Respect et tolérance : De curieux donneurs de leçons08/02/20062006Journal/medias/journalnumero/images/2006/02/une1958.jpg.445x577_q85_box-0%2C104%2C1383%2C1896_crop_detail.jpg

Leur société

Respect et tolérance : De curieux donneurs de leçons

La «liberté d'expression» ne s'use que si l'on s'en sert. C'est ce qu'il faut retenir des déclarations du ministre français des Affaires étrangères, Douste-Blazy, qui s'est prononcé pour «le respect des croyances, de la religion, de la spiritualité de chacun».

Les autorités religieuses de tous bords ont abondé dans le même sens. Le porte-parole du pape a ainsi déclaré: «La liberté de penser et d'expression n'autorise pas à offenser les convictions religieuses de quiconque. Ce principe s'applique évidemment à toutes les religions». L'intérêt de ce principe pour ces autorités réside dans le fait qu'elles définissent elles-mêmes là où commence l'offense et où donc se termine la liberté d'expression.

Mais en matière de liberté d'expression, l'Église est mal placée pour donner des leçons, elle qui en 1864 dans le Syllabus, condamnait expressément la liberté de conscience comme une des «erreurs modernes». Elle était, ce faisant, bien dans la ligne des pères de l'Église.

Dès 417, Saint-Augustin expliquait cyniquement: «Il y a une persécution injuste, celle que font les impies à l'église du Christ; il y a une persécution juste, celle que font les églises du Christ aux impies. [...] l'Église persécute par amour, les impies par cruauté.»

En France durant plus d'un millénaire, l'Église par ses bûchers, ses tribunaux, ses inquisiteurs, mit effectivement beaucoup d'amour à persécuter.

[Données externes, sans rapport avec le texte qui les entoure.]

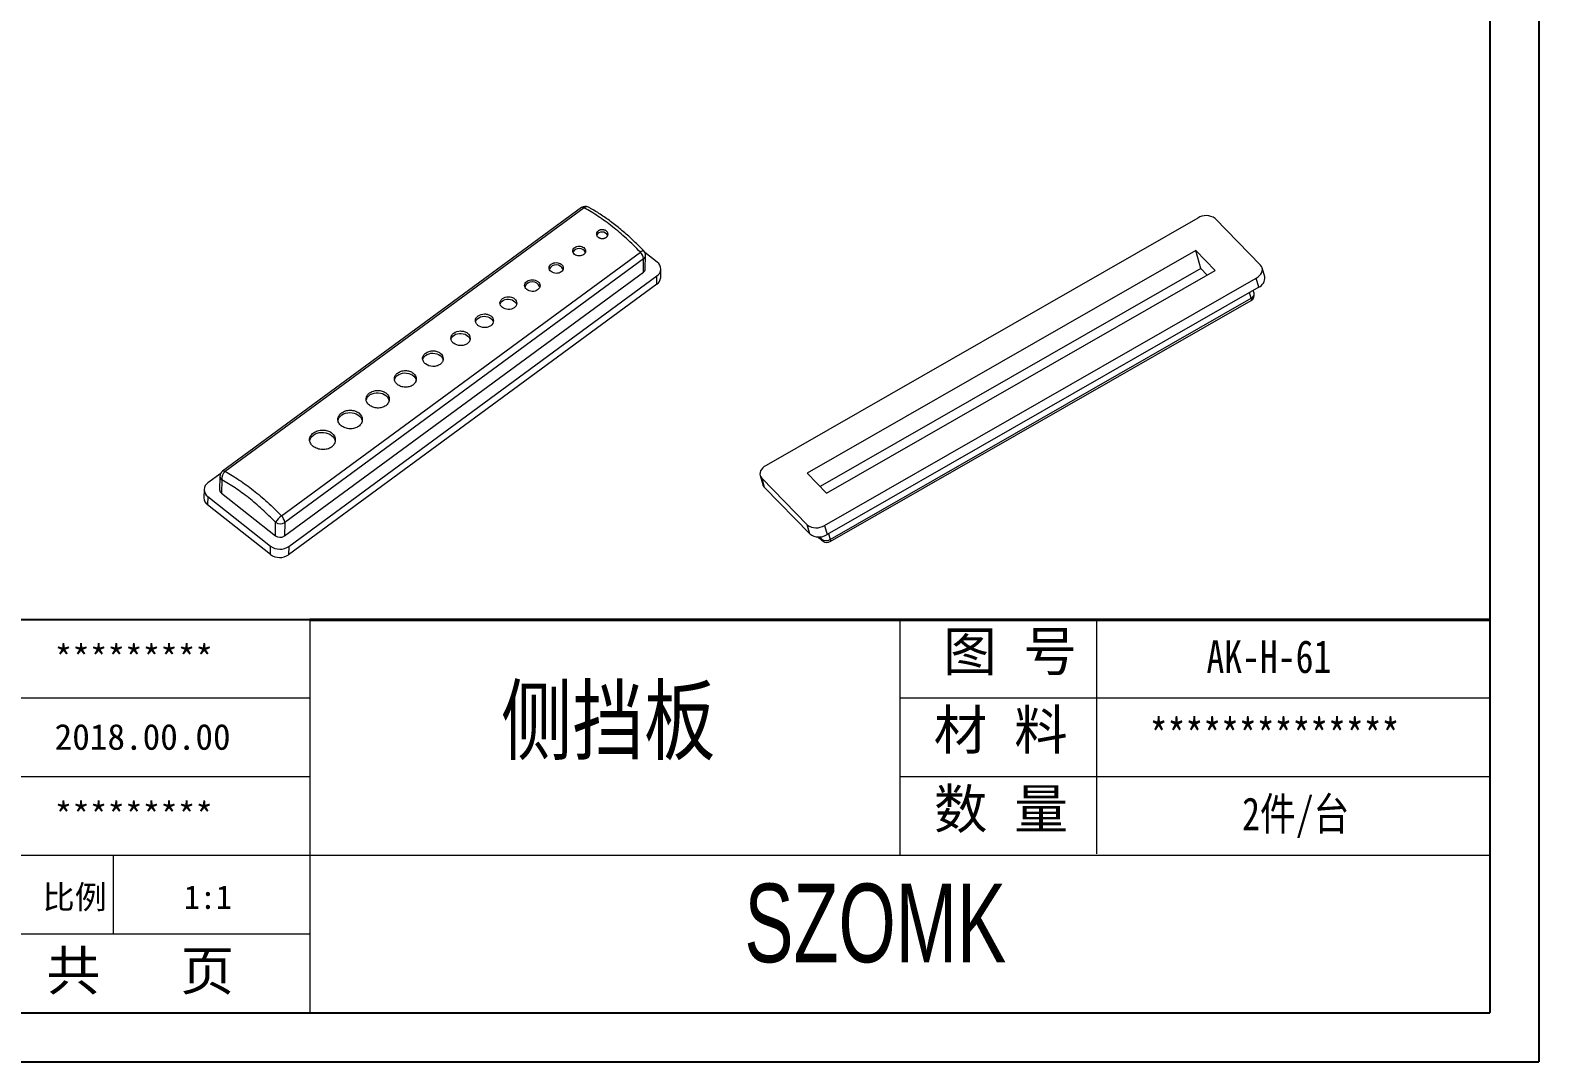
# Model space of a CAD drawing. Header units: inches. Extents: x 1846 to 3307, y 1126 to 1431.
# Drawn here: x 3189.2 to 3306.5, y 1125.7 to 1205.9 of the extents above; entities that cross this region are included whole.
import ezdxf

# ---------------------------------------------------------------- set-up
doc = ezdxf.new("R2010")
doc.units = ezdxf.units.IN
doc.header["$LTSCALE"] = 15
doc.layers.add('文字', color=81, linetype='Continuous')
doc.layers.add('粗实线', color=7, linetype='Continuous', lineweight=30)
doc.layers.add('细实线', color=3, linetype='Continuous', lineweight=9)
doc.styles.get("Standard").update_dxf_attribs({"font": 'txt', "bigfont": 'gbcbig.shx'})
doc.styles.add('宋体', font='', dxfattribs={"width": 0.8, "height": 3.5})
doc.styles.add('长仿宋', font='', dxfattribs={"width": 0.7, "height": 4})
doc.styles.get('宋体').set_extended_font_data('SimSun')
doc.styles.get('长仿宋').set_extended_font_data('SimSun')

msp = doc.modelspace()

# ---------------------------------------------------------------- linework, layer by layer
for p, q in [((3306.539, 1286.183), (3306.539, 1125.657)), ((3302.717, 1282.361), (3302.717, 1129.479)), ((3210.987, 1160.055), (3165.122, 1160.055)), ((3085.383, 1129.479), (3302.717, 1129.479)), ((3079.508, 1125.657), (3306.539, 1125.657))]:
    msp.add_line(p, q)
at = {"color": 7, "linetype": 'Continuous', "lineweight": 15}
for p, q in [((3232.1, 1192.115), (3204.19, 1171.601)), ((3232.315, 1192.094), (3204.406, 1171.58)), ((3280.02, 1191.301), (3246.45, 1172.061)), ((3284.904, 1187.632), (3281.365, 1191.264)), ((3208.769, 1168.14), (3236.678, 1188.653)), ((3237.988, 1187.873), (3237.037, 1188.623)), ((3237.065, 1187.349), (3237.086, 1188.398)), ((3279.858, 1188.783), (3249.645, 1171.466)), ((3281.375, 1187.227), (3279.858, 1188.783)), ((3280.258, 1187.37), (3279.858, 1188.783)), ((3236.935, 1188.132), (3209.026, 1167.619)), ((3236.915, 1187.084), (3236.935, 1188.132)), ((3238.26, 1186.679), (3238.272, 1187.327)), ((3280.258, 1187.37), (3250.672, 1170.412)), ((3251.162, 1169.91), (3281.375, 1187.227)), ((3280.748, 1186.867), (3280.258, 1187.37)), ((3285.227, 1186.717), (3285.027, 1187.424)), ((3209.006, 1166.57), (3236.915, 1187.084)), ((3237.958, 1186.148), (3209.333, 1165.109)), ((3209.346, 1165.757), (3237.971, 1186.796)), ((3237.958, 1186.148), (3237.971, 1186.796)), ((3251, 1167.392), (3284.57, 1186.632)), ((3284.77, 1185.926), (3284.57, 1186.632)), ((3284.77, 1185.926), (3251.2, 1166.685)), ((3251.434, 1166.127), (3284.164, 1184.886)), ((3251.438, 1166.301), (3284.169, 1185.061)), ((3284.397, 1185.456), (3284.335, 1185.676)), ((3204.048, 1171.439), (3203.061, 1170.713)), ((3203.987, 1171.208), (3203.966, 1170.16)), ((3204.129, 1170.935), (3204.108, 1169.887)), ((3245.993, 1171.27), (3246.193, 1170.563)), ((3246.116, 1171.061), (3249.655, 1167.429)), ((3246.116, 1171.061), (3246.316, 1170.354)), ((3249.645, 1171.466), (3251.162, 1169.91)), ((3202.759, 1170.182), (3202.747, 1169.534)), ((3203.043, 1169.636), (3203.031, 1168.988)), ((3203.043, 1169.636), (3207.932, 1165.781)), ((3204.108, 1169.887), (3208.299, 1166.583)), ((3249.855, 1166.723), (3246.316, 1170.354)), ((3207.919, 1165.133), (3203.031, 1168.988)), ((3208.299, 1166.583), (3208.319, 1167.631)), ((3209.026, 1167.619), (3209.006, 1166.57)), ((3249.855, 1166.723), (3249.655, 1167.429)), ((3251, 1167.392), (3251.2, 1166.685)), ((3207.919, 1165.133), (3207.932, 1165.781)), ((3209.346, 1165.757), (3209.333, 1165.109))]:
    msp.add_line(p, q, dxfattribs=at)
at = {"color": 8, "linetype": 'Continuous', "lineweight": 15}
for p, q in [((3284.169, 1185.061), (3284.042, 1185.508)), ((3250.542, 1166.499), (3250.765, 1166.32)), ((3250.765, 1166.32), (3250.711, 1166.514)), ((3251.311, 1166.749), (3251.438, 1166.301))]:
    msp.add_line(p, q, dxfattribs=at)
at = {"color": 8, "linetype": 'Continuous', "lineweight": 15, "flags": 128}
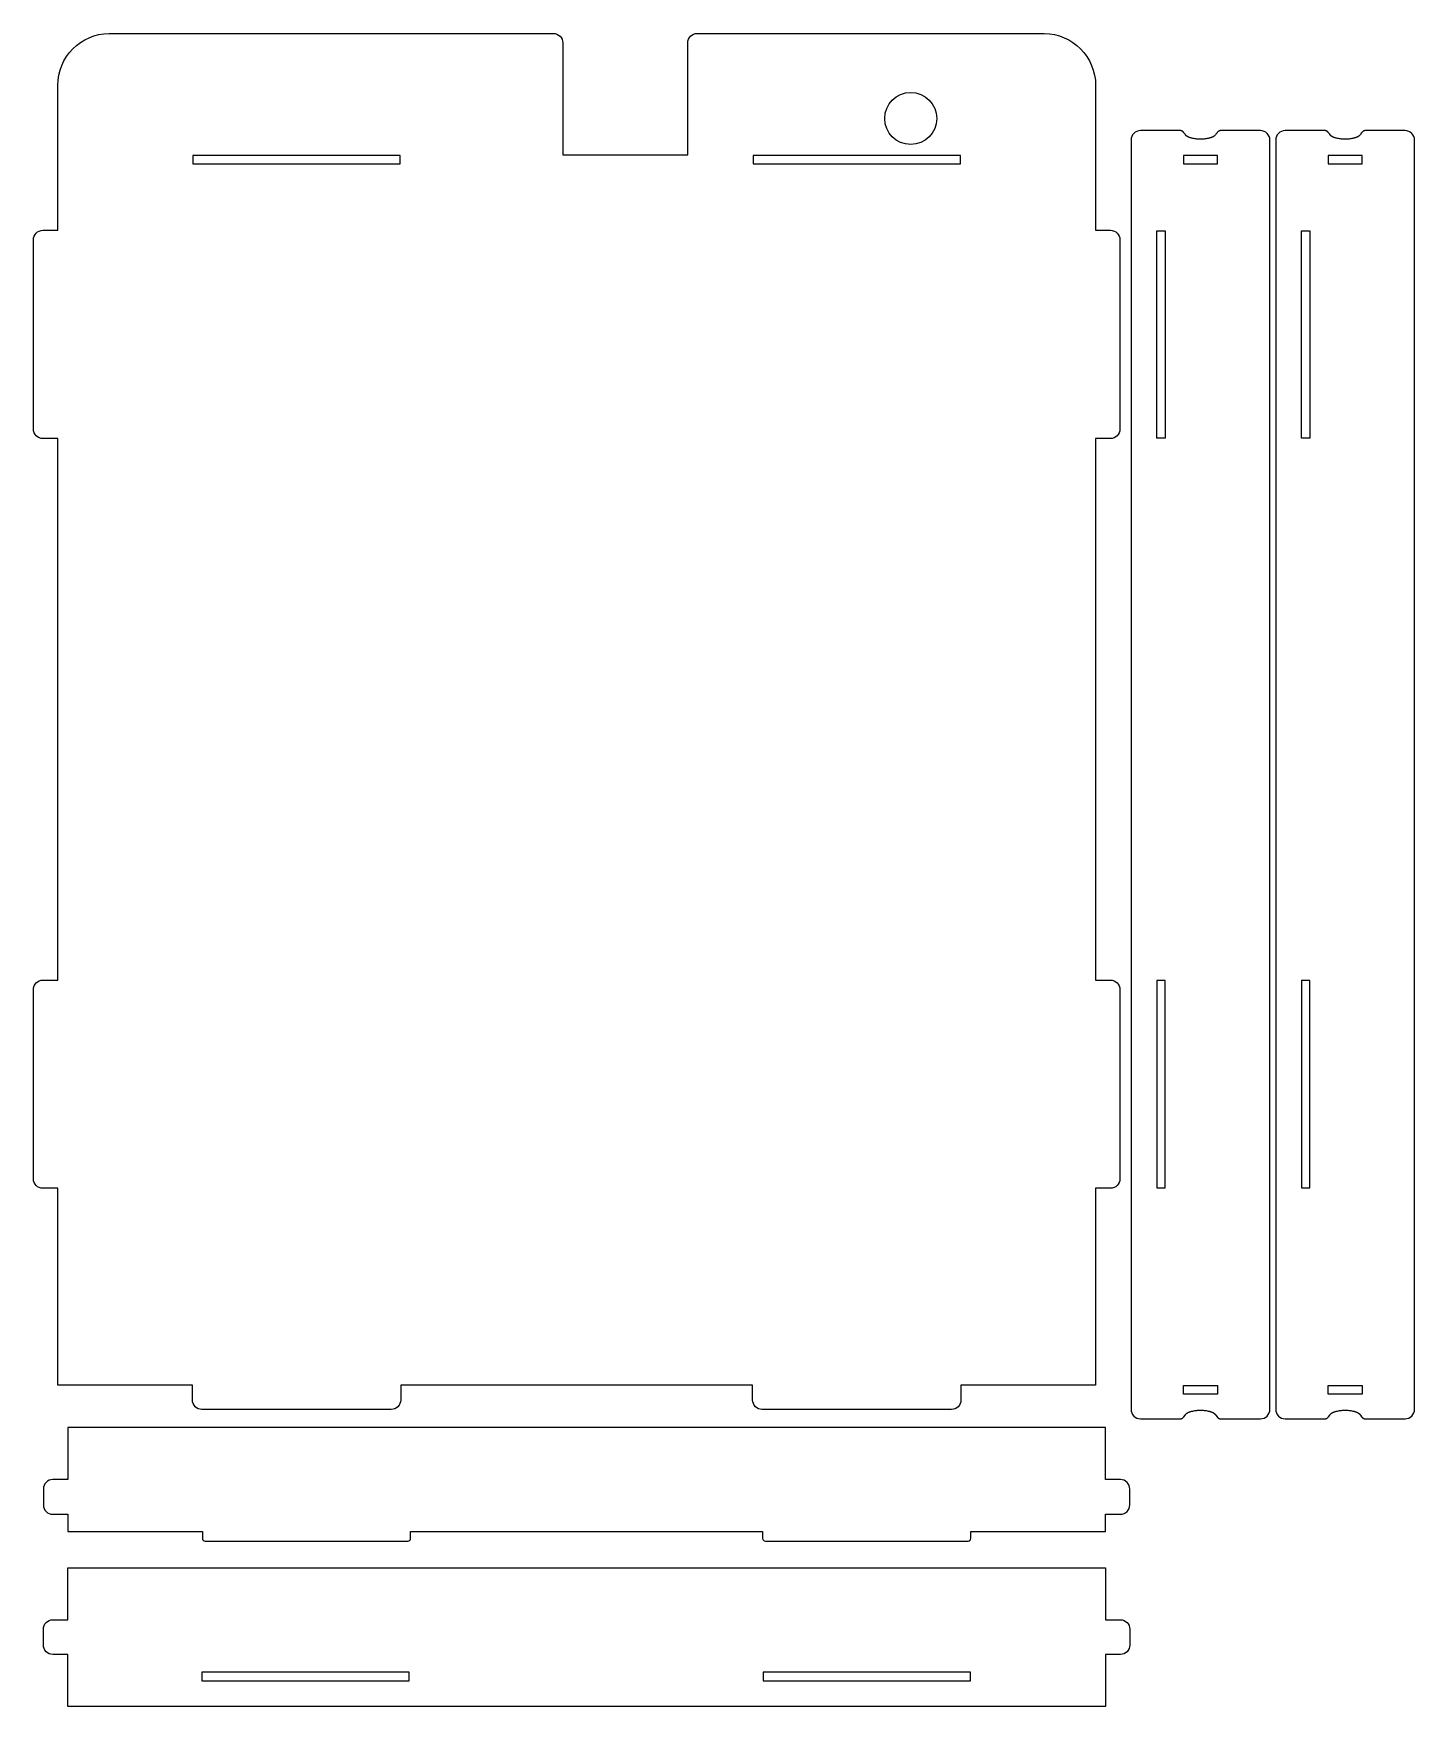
# Model space of a CAD drawing. Extents: x -6678 to -6280, y 538 to 1020.
import ezdxf

# ---------------------------------------------------------------- set-up
doc = ezdxf.new("R2010")
doc.units = 0
for name, color, linetype in [('FAB_2$FISHBOWL$BASE', 5, 'CONTINUOUS'), ('FAB_2$FISHBOWL$FLOOR', 5, 'CONTINUOUS'), ('FAB_2$FISHBOWL$WALLS_SIDE', 25, 'CONTINUOUS'), ('FAB_2$FISHBOWL$WALLS_TOP_B', 7, 'CONTINUOUS')]:
    doc.layers.add(name, color=color, linetype=linetype)

msp = doc.modelspace()

# ---------------------------------------------------------------- linework, layer by layer
at = {"layer": 'FAB_2$FISHBOWL$BASE'}
for points in [[(-6602.53, 984.76), (-6632.4, 984.76), (-6632.4, 982.3), (-6572.66, 982.3), (-6572.66, 984.76)], [(-6441.13, 984.76), (-6471, 984.76), (-6471, 982.3), (-6411.26, 982.3), (-6411.26, 984.76)]]:
    msp.add_lwpolyline(points, close=True, dxfattribs=at)
at = {"layer": 'FAB_2$FISHBOWL$FLOOR'}
msp.add_lwpolyline([(-6528.55, 1019.89, -0.414215), (-6525.83, 1017.17), (-6525.83, 984.89), (-6489.83, 984.89), (-6489.83, 1017.17, -0.414215), (-6487.11, 1019.89), (-6387.16, 1019.89, -0.410961), (-6372.33, 1004.89), (-6372.33, 963.16), (-6368.05, 963.16, -0.414214), (-6365.33, 960.44), (-6365.33, 905.88, -0.414214), (-6368.05, 903.16), (-6372.33, 903.16), (-6372.33, 747.11), (-6368.05, 747.11, -0.414214), (-6365.33, 744.39), (-6365.33, 689.83, -0.414214), (-6368.05, 687.11), (-6372.33, 687.11), (-6372.33, 630.39), (-6411.13, 630.39), (-6411.13, 626.11, -0.414214), (-6413.85, 623.39), (-6468.41, 623.39, -0.414214), (-6471.13, 626.11), (-6471.13, 630.39), (-6572.53, 630.39), (-6572.53, 626.11, -0.414214), (-6575.25, 623.39), (-6629.81, 623.39, -0.414214), (-6632.53, 626.11), (-6632.53, 630.39), (-6671.33, 630.39), (-6671.33, 687.11), (-6675.61, 687.11, -0.414214), (-6678.33, 689.83), (-6678.33, 744.39, -0.414214), (-6675.61, 747.11), (-6671.33, 747.11), (-6671.33, 903.16), (-6675.61, 903.16, -0.414214), (-6678.33, 905.88), (-6678.33, 960.44, -0.414214), (-6675.61, 963.16), (-6671.33, 963.16), (-6671.33, 1004.89, -0.410961), (-6656.49, 1019.89)], format="xyb", close=True, dxfattribs=at)
msp.add_circle((-6425.6, 995.39), 7.5, dxfattribs=at)
at = {"layer": 'FAB_2$FISHBOWL$WALLS_SIDE'}
for points in [[(-6347.89, 991.89), (-6359.4, 991.89, 0.414214), (-6362.12, 989.17), (-6362.12, 623.41, 0.414214), (-6359.4, 620.69), (-6347.89, 620.69), (-6347.86, 620.69), (-6347.82, 620.69), (-6347.78, 620.7), (-6347.75, 620.7), (-6347.71, 620.71), (-6347.68, 620.72), (-6347.64, 620.73), (-6347.61, 620.74), (-6347.58, 620.75), (-6347.54, 620.76), (-6347.51, 620.77), (-6347.48, 620.78), (-6347.45, 620.8), (-6347.42, 620.81), (-6347.4, 620.83), (-6347.37, 620.85), (-6347.34, 620.86), (-6347.31, 620.88), (-6347.29, 620.9), (-6347.26, 620.92), (-6347.23, 620.94), (-6347.21, 620.96), (-6347.18, 620.98), (-6347.16, 621), (-6347.14, 621.03), (-6347.11, 621.05), (-6347.07, 621.1), (-6347.02, 621.14), (-6346.98, 621.2), (-6346.93, 621.25), (-6346.89, 621.3), (-6346.56, 621.75), (-6346.48, 621.86), (-6346.44, 621.91), (-6346.39, 621.96), (-6346.35, 622.01), (-6346.3, 622.06), (-6346.25, 622.11), (-6346.2, 622.16), (-6346.15, 622.2), (-6346.1, 622.24), (-6346.05, 622.28), (-6345.99, 622.32), (-6345.93, 622.36), (-6345.88, 622.4), (-6345.82, 622.43), (-6345.76, 622.46), (-6345.7, 622.5), (-6345.64, 622.53), (-6345.58, 622.56), (-6345.51, 622.58), (-6345.45, 622.61), (-6345.39, 622.64), (-6345.26, 622.69), (-6345.12, 622.73), (-6344.99, 622.77), (-6344.85, 622.81), (-6344.72, 622.85), (-6344.58, 622.88), (-6344.3, 622.94), (-6344.03, 622.99), (-6343.75, 623.04), (-6343.48, 623.09), (-6343.21, 623.12), (-6342.93, 623.15), (-6342.66, 623.17), (-6342.39, 623.18), (-6342.12, 623.19), (-6341.85, 623.18), (-6341.58, 623.17), (-6341.31, 623.15), (-6341.04, 623.12), (-6340.77, 623.09), (-6340.5, 623.04), (-6340.22, 622.99), (-6339.95, 622.94), (-6339.67, 622.88), (-6339.53, 622.85), (-6339.39, 622.81), (-6339.26, 622.77), (-6339.12, 622.73), (-6338.99, 622.69), (-6338.86, 622.64), (-6338.8, 622.61), (-6338.73, 622.58), (-6338.67, 622.56), (-6338.61, 622.53), (-6338.55, 622.5), (-6338.49, 622.46), (-6338.43, 622.43), (-6338.37, 622.4), (-6338.31, 622.36), (-6338.26, 622.32), (-6338.2, 622.28), (-6338.15, 622.24), (-6338.1, 622.2), (-6338.04, 622.16), (-6337.99, 622.11), (-6337.95, 622.06), (-6337.9, 622.01), (-6337.85, 621.96), (-6337.81, 621.91), (-6337.77, 621.86), (-6337.68, 621.75), (-6337.35, 621.3), (-6337.31, 621.25), (-6337.27, 621.2), (-6337.23, 621.14), (-6337.18, 621.1), (-6337.13, 621.05), (-6337.11, 621.03), (-6337.09, 621), (-6337.06, 620.98), (-6337.04, 620.96), (-6337.01, 620.94), (-6336.99, 620.92), (-6336.96, 620.9), (-6336.93, 620.88), (-6336.91, 620.86), (-6336.88, 620.85), (-6336.85, 620.83), (-6336.82, 620.81), (-6336.79, 620.8), (-6336.76, 620.78), (-6336.73, 620.77), (-6336.7, 620.76), (-6336.67, 620.75), (-6336.64, 620.74), (-6336.6, 620.73), (-6336.57, 620.72), (-6336.54, 620.71), (-6336.5, 620.7), (-6336.46, 620.7), (-6336.43, 620.69), (-6336.39, 620.69), (-6336.35, 620.69), (-6324.84, 620.69, 0.414214), (-6322.12, 623.41), (-6322.12, 989.17, 0.414214), (-6324.84, 991.89), (-6336.35, 991.89), (-6336.39, 991.88), (-6336.43, 991.88), (-6336.46, 991.88), (-6336.5, 991.87), (-6336.54, 991.87), (-6336.57, 991.86), (-6336.6, 991.85), (-6336.64, 991.84), (-6336.67, 991.83), (-6336.7, 991.82), (-6336.73, 991.81), (-6336.76, 991.79), (-6336.79, 991.78), (-6336.82, 991.76), (-6336.85, 991.75), (-6336.88, 991.73), (-6336.91, 991.71), (-6336.93, 991.7), (-6336.96, 991.68), (-6336.99, 991.66), (-6337.01, 991.64), (-6337.04, 991.62), (-6337.06, 991.6), (-6337.09, 991.57), (-6337.11, 991.55), (-6337.13, 991.53), (-6337.18, 991.48), (-6337.23, 991.43), (-6337.27, 991.38), (-6337.31, 991.33), (-6337.35, 991.28), (-6337.68, 990.83), (-6337.77, 990.72), (-6337.81, 990.67), (-6337.85, 990.61), (-6337.9, 990.56), (-6337.95, 990.51), (-6337.99, 990.47), (-6338.04, 990.42), (-6338.1, 990.38), (-6338.15, 990.33), (-6338.2, 990.29), (-6338.26, 990.25), (-6338.31, 990.22), (-6338.37, 990.18), (-6338.43, 990.14), (-6338.49, 990.11), (-6338.55, 990.08), (-6338.61, 990.05), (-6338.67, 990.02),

Sous l'Ancien Régime, à l'époque où le catholicisme était religion d'État, combien ont été condamnés à mort pour avoir «blasphémé»? Pour ne citer qu'un exemple, en 1766, le chevalier de la Barre, âgé de 19 ans, fut jugé pour «crime d'impiété». Son crime? Avoir gardé son chapeau au passage d'une procession religieuse. La sentence du tribunal lui reprochait aussi d'avoir «chanté des chansons abominables et exécrables contre la vierge Marie, les saints et saintes» dans une soirée privée. Il fut condamné par le tribunal à être torturé puis décapité. Son corps fut ensuite brûlé avec le dictionnaire philosophique de Voltaire trouvé en sa possession.

Si depuis deux siècles, la religion catholique a perdu du terrain et a dû composer, elle ne cesse de vouloir reprendre la main et de vouloir régenter les consciences et la vie des gens.

On ne peut certes pas rendre la hiérarchie catholique responsable des actions de ses plus zélés partisans comme ces commandos intégristes qui ont plastiqué en 1988 le cinéma qui projetait La dernière tentation du Christ, un film de Martin Scorsese, jugé blasphématoire. Mais c'est bien l'Église qui a fait interdire par la justice, en mars 2005, une publicité inspirée du tableau de Léonard de Vinci La Cène, dont les apôtres étaient remplacés par des femmes. Les juges ont considéré que l'affiche constituait «un acte d'intrusion agressive et gratuite dans les tréfonds des croyances intimes» et que «la légèreté de la scène fait disparaître tout le caractère tragique pourtant inhérent à l'événement inaugural de la Passion», promouvant ainsi la «Passion» en une vérité historique qui de surcroît ne saurait être traitée avec «légèreté».

Pour tous ces gens-là, les seuls dont les «croyances intimes» peuvent être offensées sans problème, ce sont les athées, car les histoires à dormir debout sur les vierges engrossées par le saint-esprit sont au moins aussi offensantes pour la raison que les railleries sur la religions pour des croyants

Toutes les croyances ne sont pas respectables. Certaines sont barbares et doivent être combattues énergiquement. Y compris avec les armes de l'humour, de la dérision, ce que les calotins de toutes les religions appellent des «blasphèmes».

Le blasphème n'est plus, juridiquement du moins, un délit en France. Mais nous en revendiquons le droit, en particulier face à tous ceux qui ne croient même pas leur dieu capable de punir lui-même les blasphémateurs, et qui prétendent connaître sa volonté (mais n'est-ce pas un blasphème?) et agir à sa place.